DATA FOR THIS TASK
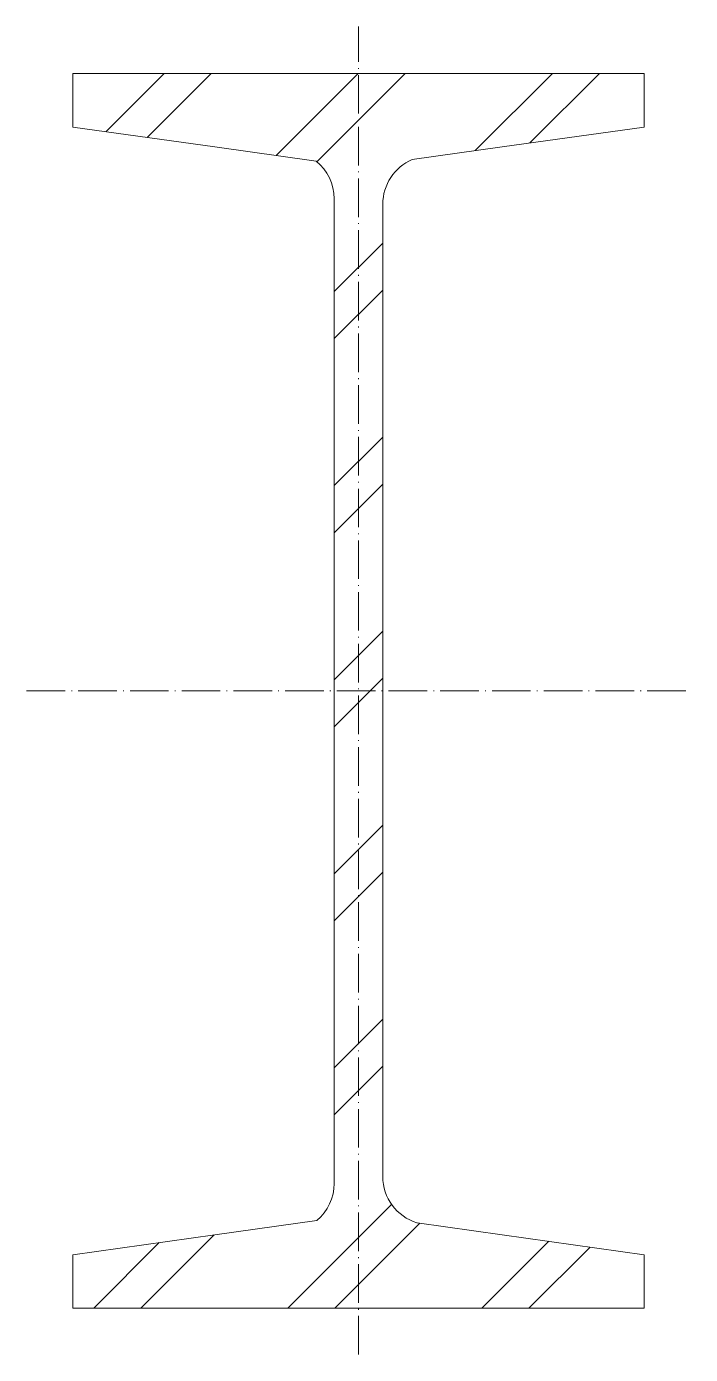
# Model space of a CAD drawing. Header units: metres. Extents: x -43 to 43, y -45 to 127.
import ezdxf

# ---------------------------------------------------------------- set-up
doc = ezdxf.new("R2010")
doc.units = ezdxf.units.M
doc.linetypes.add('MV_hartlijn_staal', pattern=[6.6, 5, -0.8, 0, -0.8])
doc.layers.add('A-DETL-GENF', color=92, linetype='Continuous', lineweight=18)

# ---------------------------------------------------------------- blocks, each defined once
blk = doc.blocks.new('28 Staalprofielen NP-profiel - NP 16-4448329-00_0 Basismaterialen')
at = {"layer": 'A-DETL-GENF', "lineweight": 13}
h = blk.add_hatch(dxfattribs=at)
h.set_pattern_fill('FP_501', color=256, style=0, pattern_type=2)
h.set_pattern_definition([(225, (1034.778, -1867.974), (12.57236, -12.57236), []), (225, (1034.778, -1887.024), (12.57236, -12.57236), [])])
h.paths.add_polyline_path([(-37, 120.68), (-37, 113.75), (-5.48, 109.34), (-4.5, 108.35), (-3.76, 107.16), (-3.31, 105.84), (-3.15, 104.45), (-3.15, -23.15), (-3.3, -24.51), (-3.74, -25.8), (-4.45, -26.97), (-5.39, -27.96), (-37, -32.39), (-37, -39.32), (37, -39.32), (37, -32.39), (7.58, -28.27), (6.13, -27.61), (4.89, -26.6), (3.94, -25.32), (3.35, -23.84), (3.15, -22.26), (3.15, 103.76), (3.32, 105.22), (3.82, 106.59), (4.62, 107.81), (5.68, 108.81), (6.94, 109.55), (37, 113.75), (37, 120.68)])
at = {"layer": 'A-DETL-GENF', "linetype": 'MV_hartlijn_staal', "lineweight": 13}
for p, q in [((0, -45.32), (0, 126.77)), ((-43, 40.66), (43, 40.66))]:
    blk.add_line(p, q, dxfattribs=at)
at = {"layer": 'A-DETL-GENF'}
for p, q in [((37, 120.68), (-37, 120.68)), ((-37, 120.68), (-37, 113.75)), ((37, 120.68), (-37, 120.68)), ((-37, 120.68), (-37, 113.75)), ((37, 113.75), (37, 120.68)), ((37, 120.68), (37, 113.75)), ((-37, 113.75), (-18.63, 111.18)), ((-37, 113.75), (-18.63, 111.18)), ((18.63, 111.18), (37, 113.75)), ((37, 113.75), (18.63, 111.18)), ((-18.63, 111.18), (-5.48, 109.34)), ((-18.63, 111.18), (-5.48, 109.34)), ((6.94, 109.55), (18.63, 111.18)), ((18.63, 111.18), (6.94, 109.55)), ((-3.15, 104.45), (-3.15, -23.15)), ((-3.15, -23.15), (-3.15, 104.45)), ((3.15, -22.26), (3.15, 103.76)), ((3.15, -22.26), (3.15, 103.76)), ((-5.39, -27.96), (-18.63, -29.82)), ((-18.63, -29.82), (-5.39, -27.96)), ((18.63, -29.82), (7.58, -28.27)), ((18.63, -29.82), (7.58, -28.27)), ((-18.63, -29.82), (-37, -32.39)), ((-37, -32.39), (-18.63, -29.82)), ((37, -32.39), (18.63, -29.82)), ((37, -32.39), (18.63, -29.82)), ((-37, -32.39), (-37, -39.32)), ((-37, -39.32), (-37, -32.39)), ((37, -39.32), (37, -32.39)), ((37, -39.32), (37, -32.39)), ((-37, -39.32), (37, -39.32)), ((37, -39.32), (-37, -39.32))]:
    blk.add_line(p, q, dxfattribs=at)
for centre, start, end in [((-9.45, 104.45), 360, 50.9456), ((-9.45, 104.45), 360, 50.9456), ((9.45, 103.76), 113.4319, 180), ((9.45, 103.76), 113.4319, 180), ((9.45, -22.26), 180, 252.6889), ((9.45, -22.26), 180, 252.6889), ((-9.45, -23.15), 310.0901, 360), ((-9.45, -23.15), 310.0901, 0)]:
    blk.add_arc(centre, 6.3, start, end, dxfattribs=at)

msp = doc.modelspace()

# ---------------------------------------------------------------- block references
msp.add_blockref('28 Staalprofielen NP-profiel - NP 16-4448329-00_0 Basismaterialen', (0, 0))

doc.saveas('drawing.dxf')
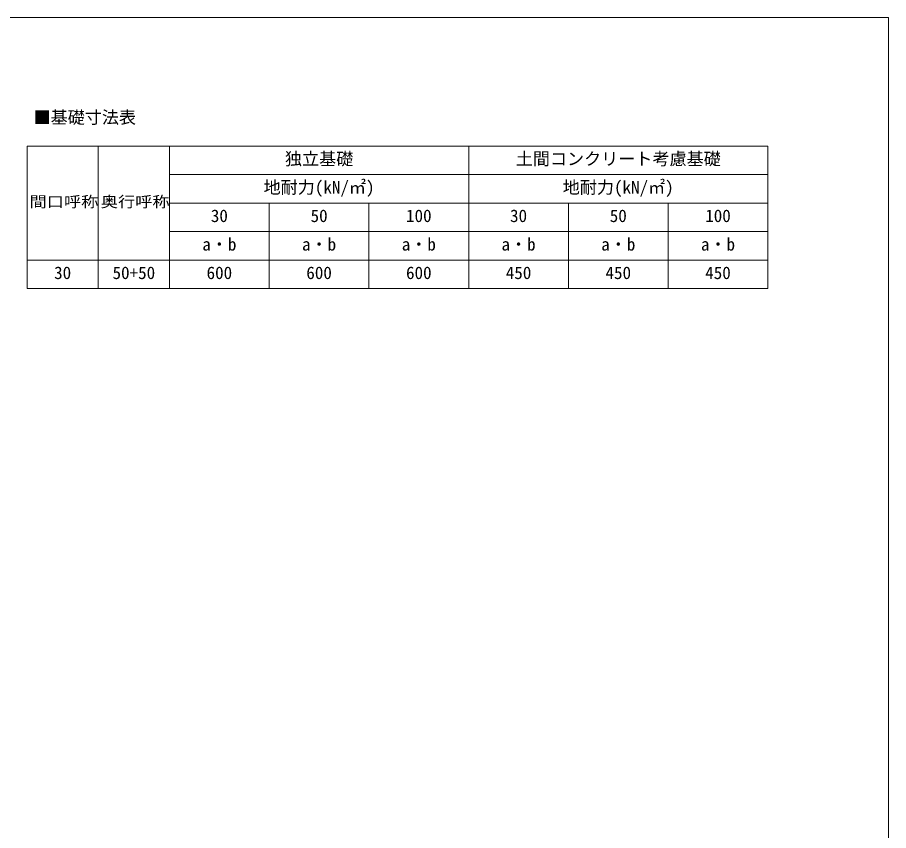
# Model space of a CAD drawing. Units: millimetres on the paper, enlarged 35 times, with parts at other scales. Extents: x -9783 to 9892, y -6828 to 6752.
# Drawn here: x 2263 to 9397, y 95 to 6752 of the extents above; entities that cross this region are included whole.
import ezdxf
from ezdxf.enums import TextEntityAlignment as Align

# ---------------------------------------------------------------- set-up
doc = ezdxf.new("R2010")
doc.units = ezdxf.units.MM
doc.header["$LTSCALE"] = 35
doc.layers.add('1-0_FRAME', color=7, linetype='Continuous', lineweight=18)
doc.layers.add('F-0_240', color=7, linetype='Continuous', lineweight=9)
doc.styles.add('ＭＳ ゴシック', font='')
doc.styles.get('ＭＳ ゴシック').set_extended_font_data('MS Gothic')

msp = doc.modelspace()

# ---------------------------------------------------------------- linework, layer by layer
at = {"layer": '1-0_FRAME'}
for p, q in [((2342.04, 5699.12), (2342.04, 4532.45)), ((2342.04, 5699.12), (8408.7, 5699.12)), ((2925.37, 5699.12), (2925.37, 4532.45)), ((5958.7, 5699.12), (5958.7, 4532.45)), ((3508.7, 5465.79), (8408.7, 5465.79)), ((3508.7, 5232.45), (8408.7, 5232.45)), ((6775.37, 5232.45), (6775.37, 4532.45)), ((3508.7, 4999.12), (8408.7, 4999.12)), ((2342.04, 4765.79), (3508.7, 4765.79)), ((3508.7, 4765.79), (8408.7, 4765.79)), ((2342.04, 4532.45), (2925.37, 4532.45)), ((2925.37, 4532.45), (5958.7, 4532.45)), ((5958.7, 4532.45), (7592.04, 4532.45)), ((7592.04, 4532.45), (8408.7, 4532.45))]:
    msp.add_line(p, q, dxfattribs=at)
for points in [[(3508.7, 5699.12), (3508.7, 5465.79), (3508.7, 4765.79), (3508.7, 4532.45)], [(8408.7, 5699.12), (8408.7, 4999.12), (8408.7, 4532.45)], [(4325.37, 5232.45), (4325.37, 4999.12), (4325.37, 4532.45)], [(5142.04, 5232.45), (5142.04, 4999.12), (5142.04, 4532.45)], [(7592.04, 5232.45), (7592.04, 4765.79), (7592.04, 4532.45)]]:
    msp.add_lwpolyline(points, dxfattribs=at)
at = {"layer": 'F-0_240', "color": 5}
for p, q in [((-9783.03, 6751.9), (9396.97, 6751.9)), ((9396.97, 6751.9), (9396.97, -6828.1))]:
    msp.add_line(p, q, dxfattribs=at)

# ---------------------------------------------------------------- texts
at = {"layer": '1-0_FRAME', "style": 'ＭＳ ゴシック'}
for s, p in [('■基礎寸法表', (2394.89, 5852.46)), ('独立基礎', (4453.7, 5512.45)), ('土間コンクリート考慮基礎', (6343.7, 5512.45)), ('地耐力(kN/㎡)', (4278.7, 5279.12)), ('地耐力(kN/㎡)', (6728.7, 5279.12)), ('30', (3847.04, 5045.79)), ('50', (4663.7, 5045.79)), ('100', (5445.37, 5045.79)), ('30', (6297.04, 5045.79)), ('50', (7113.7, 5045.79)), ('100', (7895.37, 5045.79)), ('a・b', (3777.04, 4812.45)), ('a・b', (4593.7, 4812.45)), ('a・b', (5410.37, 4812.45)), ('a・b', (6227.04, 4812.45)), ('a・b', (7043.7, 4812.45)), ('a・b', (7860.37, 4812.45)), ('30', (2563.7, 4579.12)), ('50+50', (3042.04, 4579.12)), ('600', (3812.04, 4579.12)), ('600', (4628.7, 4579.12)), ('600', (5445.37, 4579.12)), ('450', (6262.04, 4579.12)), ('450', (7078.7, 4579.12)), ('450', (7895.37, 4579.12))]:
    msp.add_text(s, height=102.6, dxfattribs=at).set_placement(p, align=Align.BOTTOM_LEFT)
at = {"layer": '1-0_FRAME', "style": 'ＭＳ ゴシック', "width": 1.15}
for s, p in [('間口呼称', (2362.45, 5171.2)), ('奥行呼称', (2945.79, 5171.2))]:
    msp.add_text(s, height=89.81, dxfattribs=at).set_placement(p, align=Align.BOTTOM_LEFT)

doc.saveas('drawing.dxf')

AIM OF THE TASK
Lines of the material may hold the string "lineweight". Copy each one that does.

SOLVED EXERCISE
doc.layers.add('A-DETL-GENF', color=92, linetype='Continuous', lineweight=18)
at = {"layer": 'A-DETL-GENF', "lineweight": 13}
at = {"layer": 'A-DETL-GENF', "linetype": 'MV_hartlijn_staal', "lineweight": 13}
doc.layers.add('1-0_FRAME', color=7, linetype='Continuous', lineweight=18)
doc.layers.add('F-0_240', color=7, linetype='Continuous', lineweight=9)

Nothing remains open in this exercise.